# No OSS audio with mpv-0.25



## roper (May 2, 2017)

The recent revision of multimedia/mpv which bumps the version to 0.25 from 0.24 introduces an issue with OSS audio output. I think the issue may be related https://github.com/mpv-player/mpv/issues/4122 but I've had no success applying that fix in my config file. For now, I used ports-mgmt/portdowngrade to revert to mpv-0.24. Has anyone else seen this behavior and fixed it using --oss-device?


----------



## abefar (May 3, 2017)

I am using mpv-0.25.0,1 on 11-STABLE, and I have no problems with OSS audio output. I can choose a different /dev/dsp* device using --oss-device without any issues.
The only line in my mpv.conf is _profile=opengl-hq_.

*EDIT:*
I read your post too quickly.
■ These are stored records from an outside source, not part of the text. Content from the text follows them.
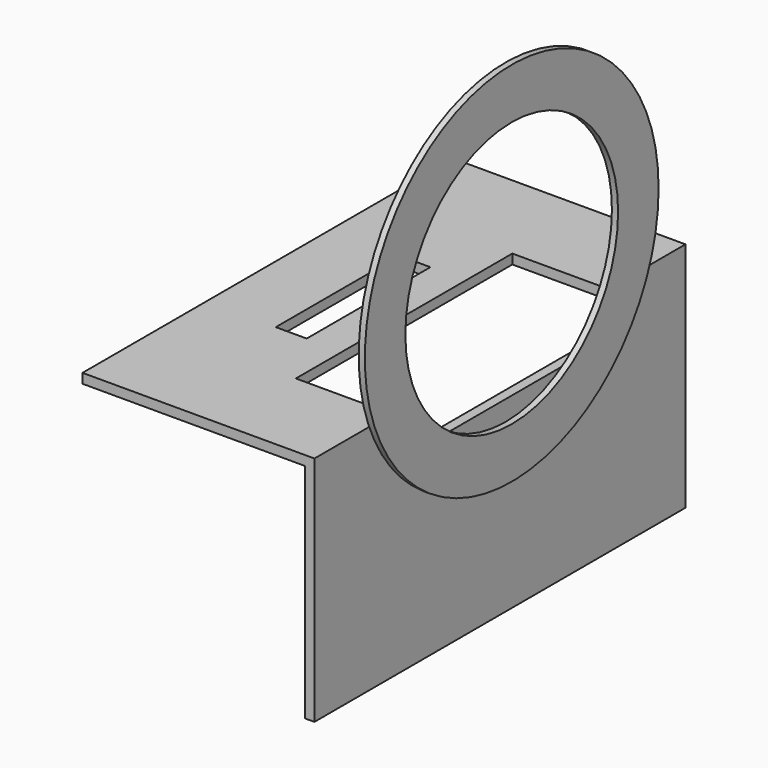
from build123d import *

# Parameters (mm, degrees)
F0_W     = 5.08
F0_H     = 25.4
F1_DEPTH = 1.5875
F3_DEPTH = 1.5875
F4_R     = 30.1625
F4_R_2   = 21.844
F5_DEPTH = 1.016


# Not quite as in the source:
# - a feature names something its author has since deleted; it is built from what else it names


with BuildPart() as f1:
    # F0 (on Top) → F1 (new body)
    with BuildSketch(Plane.XY):
        Polygon((38.1, 0), (0, 0), (0, -76.2), (38.1, -76.2), (38.1, -60.325), (22.352, -60.325), (22.352, -15.875), (38.1, -15.875), align=None)
        with Locations((13.97, -38.1)):
            Rectangle(F0_W, F0_H, mode=Mode.SUBTRACT)
    extrude(amount=F1_DEPTH)

    # F2 (on face) → F3 (join)
    with BuildSketch(Plane.YZ.offset(38.1)):
        Polygon((0, -36.5125), (0, 0), (-15.875, 0), (-15.875, -5.7785), (-60.3550081909, -5.7785), (-60.3550081909, 1.5875), (-76.2, 1.5875), (-76.2, -36.5125), align=None)
    extrude(amount=-F3_DEPTH)


with BuildPart() as f5:
    # F4 (on face) → F5 (new body)
    with BuildSketch(Plane.YZ.offset(38.1)):
        with Locations((-36.9525849819, 12.7635)):
            Circle(F4_R)
        with Locations((-36.9525849819, 12.7635)):
            Circle(F4_R_2, mode=Mode.SUBTRACT)
    extrude(amount=F5_DEPTH)


solid = Compound([f1.part, f5.part])
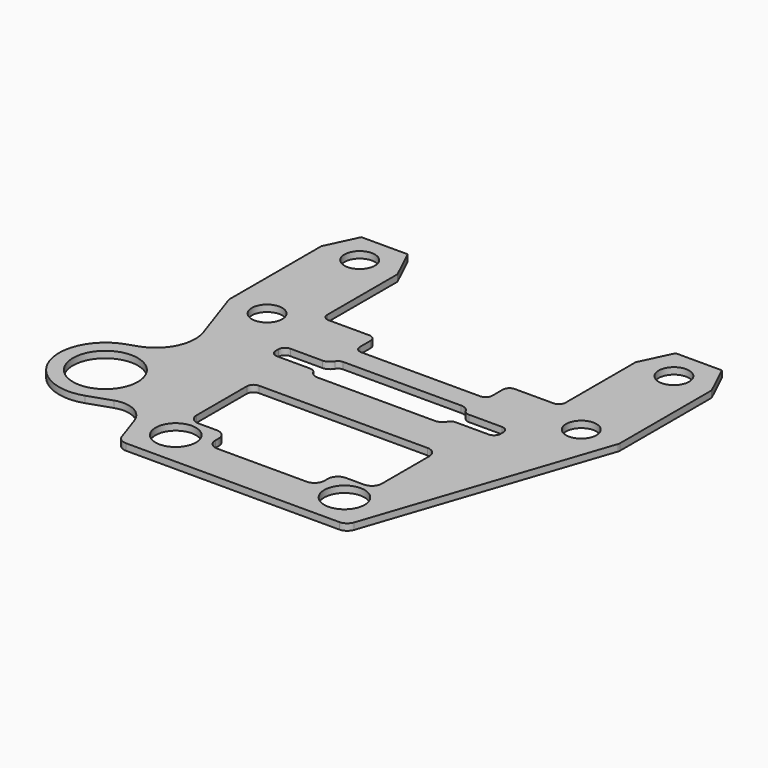
from build123d import *

# Parameters (mm, degrees)
F0_R        = 9.8
F0_R_2      = 6.1
F0_R_3      = 4.6
F1_DEPTH    = 2
F2_R        = 2
F3_R        = 3
F4_W        = 40
F4_H        = 8
F5_DEPTH    = 25
F6_R        = 2
F7_R        = 8
F8_R        = 12
F9_C1_SIZE2 = 4.5
F9_C1_SIZE  = 9.5
F9_C2_SIZE2 = 9.5
F9_C2_SIZE  = 4.5
F9_C3_SIZE2 = 9.5
F9_C3_SIZE  = 4.5
F9_C4_SIZE2 = 9.5
F9_C4_SIZE  = 4.5


# Not quite as in the source:
# - two fillets or chamfers of one size are made in one step


with BuildPart() as f1:
    # F0 (on Top) → F1 (new body)
    with BuildSketch(Plane.XY):
        with BuildLine():
            Line((36, 40.6180607378), (-36, 40.6180607378))
            Line((-36, 40.6180607378), (-36, 78.6180607378))
            Line((-36, 78.6180607378), (-59, 78.6180607378))
            Line((-59, 78.6180607378), (-59, 40.6180607378))
            Line((-59, 40.6180607378), (-59, 34.2180607378))
            Line((-59, 34.2180607378), (-52.466149277, 15.0342559872))
            Line((-52.466149277, 15.0342559872), (-49.3893506198, 6.000577809))
            Line((-49.3893506198, 6.000577809), (-63.7943902368, 1.0943363339))
            ThreePointArc((-63.7943902368, 1.0943363339), (-72.5331453979, -16.6717594171), (-54.7670496468, -25.4105145782))
            Line((-54.7670496468, -25.4105145782), (-40.3620100298, -20.5042731031))
            Line((-40.3620100298, -20.5042731031), (-34.2730196821, -38.3819392622))
            Line((-34.2730196821, -38.3819392622), (34.5899127424, -38.3819392622))
            Line((34.5899127424, -38.3819392622), (59, 34.2180607378))
            Line((59, 34.2180607378), (59, 40.6180607378))
            Line((59, 40.6180607378), (59, 78.6180607378))
            Line((59, 78.6180607378), (36, 78.6180607378))
            Line((36, 78.6180607378), (36, 40.6180607378))
        make_face()
        with Locations((-59.2807199418, -12.1580891221)):
            Circle(F0_R, mode=Mode.SUBTRACT)
        with Locations((-25.5, -27.7819392622)):
            Circle(F0_R_2, mode=Mode.SUBTRACT)
        with Locations((25.5, -27.7819392622)):
            Circle(F0_R_2, mode=Mode.SUBTRACT)
        with BuildLine():
            ThreePointArc((-28, 2.2180607378), (-27.4142135624, 3.6322743002), (-26, 4.2180607378))
            Line((-26, 4.2180607378), (25, 4.2180607378))
            ThreePointArc((25, 4.2180607378), (27.1213203436, 3.3393810814), (28, 1.2180607378))
            Line((28, 1.2180607378), (28, -16.7819392622))
            ThreePointArc((28, -16.7819392622), (27.1213203436, -18.9032596057), (25, -19.7819392622))
            Line((25, -19.7819392622), (19.5, -19.7819392622))
            ThreePointArc((19.5, -19.7819392622), (17.3786796564, -20.6606189186), (16.5, -22.7819392622))
            Line((16.5, -22.7819392622), (16.5, -24.0702618733))
            ThreePointArc((16.5, -24.0702618733), (15.6213203436, -26.1915822169), (13.5, -27.0702618733))
            Line((13.5, -27.0702618733), (-13.5, -27.0702618733))
            ThreePointArc((-13.5, -27.0702618733), (-15.6213203436, -26.1915822169), (-16.5, -24.0702618733))
            Line((-16.5, -24.0702618733), (-16.5, -22.7819392622))
            ThreePointArc((-16.5, -22.7819392622), (-17.3786796564, -20.6606189186), (-19.5, -19.7819392622))
            Line((-19.5, -19.7819392622), (-25, -19.7819392622))
            ThreePointArc((-25, -19.7819392622), (-27.1213203436, -18.9032596057), (-28, -16.7819392622))
            Line((-28, -16.7819392622), (-28, 2.2180607378))
        make_face(mode=Mode.SUBTRACT)
        with Locations((-47.5, 34.2180607378)):
            Circle(F0_R_3, mode=Mode.SUBTRACT)
        with Locations((-47.5, 69.2180607378)):
            Circle(F0_R_3, mode=Mode.SUBTRACT)
        Polygon((-20, 18.6180607378), (-34, 18.6180607378), (-34, 23.6180607378), (-20, 23.6180607378), (-20, 26.1180607378), (20, 26.1180607378), (20, 23.6180607378), (34, 23.6180607378), (34, 18.6180607378), (20, 18.6180607378), (20, 16.1180607378), (-20, 16.1180607378), align=None, mode=Mode.SUBTRACT)
        with Locations((47.5, 34.2180607378)):
            Circle(F0_R_3, mode=Mode.SUBTRACT)
        with Locations((47.5, 69.2180607378)):
            Circle(F0_R_3, mode=Mode.SUBTRACT)
    extrude(amount=F1_DEPTH)

    # F2
    f2_edges = [f1.edges().sort_by_distance(p)[0] for p in [
        (59, 34.218061, 1),
        (-20, 26.118061, 1),
        (20, 23.618061, 1),
        (-34, 23.618061, 1),
        (-20, 18.618061, 1),
        (-34, 18.618061, 1),
        (20, 18.618061, 1),
        (34, 23.618061, 1),
        (34, 18.618061, 1),
        (-59, 34.218061, 1),
        (-36, 40.618061, 1),
        (36, 40.618061, 1),
    ]]
    fillet(f2_edges, radius=F2_R)

    # F3
    f3_edges = [f1.edges().sort_by_distance(p)[0] for p in [
        (-20, 23.618061, 1),
        (-20, 16.118061, 1),
        (20, 26.118061, 1),
        (20, 16.118061, 1),
        (-34.27302, -38.381939, 1),
        (34.589913, -38.381939, 1),
    ]]
    fillet(f3_edges, radius=F3_R)

    # F4 (on face) → F5 (cut)
    with BuildSketch(Plane.XY.offset(2)):
        with Locations((0.2679491924, 36.6180607378)):
            Rectangle(F4_W, F4_H)
    extrude(amount=-F5_DEPTH, mode=Mode.SUBTRACT)

    # F6
    f6_edges = [f1.edges().sort_by_distance(p)[0] for p in [
        (-19.732051, 40.618061, 1),
        (-19.732051, 32.618061, 1),
        (20.267949, 40.618061, 1),
        (20.267949, 32.618061, 1),
    ]]
    fillet(f6_edges, radius=F6_R)

    # F7
    f7_edges = [f1.edges().sort_by_distance(p)[0] for p in [
        (-40.36201, -20.504273, 1),
    ]]
    fillet(f7_edges, radius=F7_R)

    # F8
    f8_edges = [f1.edges().sort_by_distance(p)[0] for p in [
        (-49.389351, 6.000578, 1),
    ]]
    fillet(f8_edges, radius=F8_R)

    # F9: chamfer of 9.5 x 4.5 on 4 edges, made by hand

    # F9_c1
    f9_c1_edges = [f1.edges().sort_by_distance(p)[0] for p in [
        (-59, 78.6180607378, 1),
    ]]
    f9_c1_side = f1.faces().sort_by_distance((-59, 78.5280607378, 1))[0]
    chamfer(f9_c1_edges, length=F9_C1_SIZE, length2=F9_C1_SIZE2, reference=f9_c1_side)

    # F9_c2
    f9_c2_edges = [f1.edges().sort_by_distance(p)[0] for p in [
        (-36, 78.6180607378, 1),
    ]]
    f9_c2_side = f1.faces().sort_by_distance((-36.09, 78.6180607378, 1))[0]
    chamfer(f9_c2_edges, length=F9_C2_SIZE, length2=F9_C2_SIZE2, reference=f9_c2_side)

    # F9_c3
    f9_c3_edges = [f1.edges().sort_by_distance(p)[0] for p in [
        (59, 78.6180607378, 1),
    ]]
    f9_c3_side = f1.faces().sort_by_distance((58.91, 78.6180607378, 1))[0]
    chamfer(f9_c3_edges, length=F9_C3_SIZE, length2=F9_C3_SIZE2, reference=f9_c3_side)

    # F9_c4
    f9_c4_edges = [f1.edges().sort_by_distance(p)[0] for p in [
        (36, 78.6180607378, 1),
    ]]
    f9_c4_side = f1.faces().sort_by_distance((36.09, 78.6180607378, 1))[0]
    chamfer(f9_c4_edges, length=F9_C4_SIZE, length2=F9_C4_SIZE2, reference=f9_c4_side)


solid = f1.part
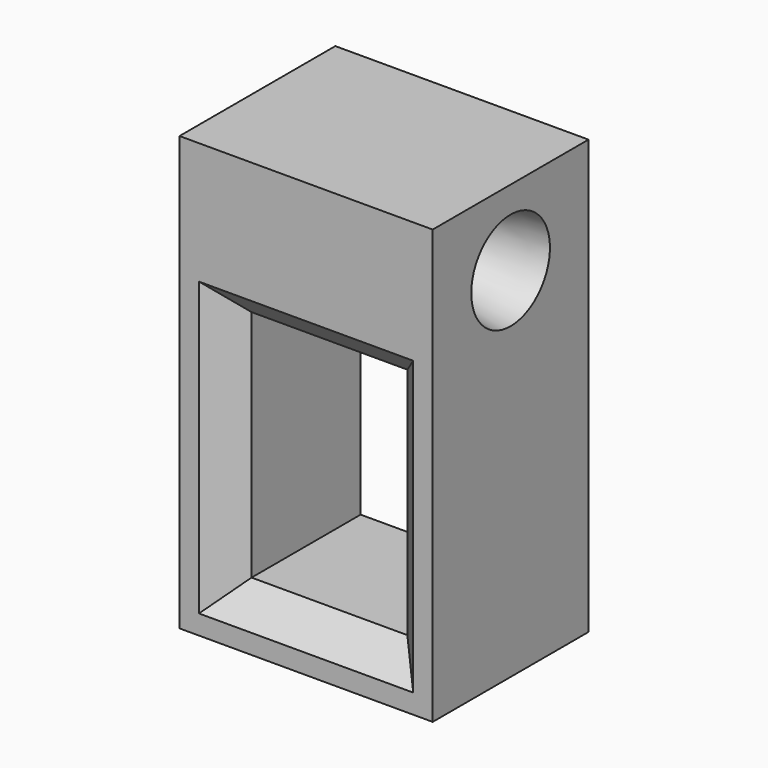
from build123d import *

# Parameters (mm, degrees)
F0_W     = 16.51
F0_H     = 28.265
F0_W_2   = 10.16
F0_H_2   = 15.24
F1_DEPTH = 6.35
F2_SIZE  = 1.905
F4_R     = 1.75
F5_DEPTH = 12.7
F5_TAPER = -10
F6_R     = 12.7


with BuildPart() as f1:
    # F0 (on Front) → F1 (new body, symmetric)
    with BuildSketch(Plane.XZ):
        with Locations((8.255, 14.1325)):
            Rectangle(F0_W, F0_H)
        with Locations((8.255, 10.795)):
            Rectangle(F0_W_2, F0_H_2, mode=Mode.SUBTRACT)
    extrude(amount=F1_DEPTH, both=True)

    # F2
    f2_edges = [f1.edges().sort_by_distance(p)[0] for p in [
        (13.335, -6.35, 10.795),
        (8.255, -6.35, 18.415),
        (3.175, -6.35, 10.795),
        (8.255, -6.35, 3.175),
        (3.175, 6.35, 10.795),
        (8.255, 6.35, 18.415),
        (8.255, 6.35, 3.175),
        (13.335, 6.35, 10.795),
    ]]
    chamfer(f2_edges, length=F2_SIZE)

    # F4 (on mid) → F5 (cut, symmetric)
    with BuildSketch(Plane(origin=(8.255, 0, 0), x_dir=(0, -1, 0), z_dir=(-1, 0, 0))):
        with Locations((0, 23.34)):
            Circle(F4_R)
    extrude(amount=F5_DEPTH, both=True, taper=F5_TAPER, mode=Mode.SUBTRACT)

    # F6
    f6_edges = [f1.edges().sort_by_distance(p)[0] for p in [
        (8.255, 1.75, 23.34),
    ]]
    fillet(f6_edges, radius=F6_R)


solid = f1.part

I only recently discovered mpv, so I haven't tried <0.25. However, I can confirm that both _mpv -ao oss:device=/dev/dspX_ and _mpv --ao=oss:device=/dev/dspX_ fails on my machine.
_mpv --ao=oss --audio-device=/dev/dspX_ doesn't fail, but it's just outputting on the default device rather than the one specified. _mpv --oss-device=/dev/dspX_ results in the intended behavior.


----------



## roper (May 4, 2017)

Thanks for looking at it. It turns out that mpv removed the drc filter. My config file included af=drc and this doesn't work in 0.25. With that line removed --oss-device worked as expected.


----------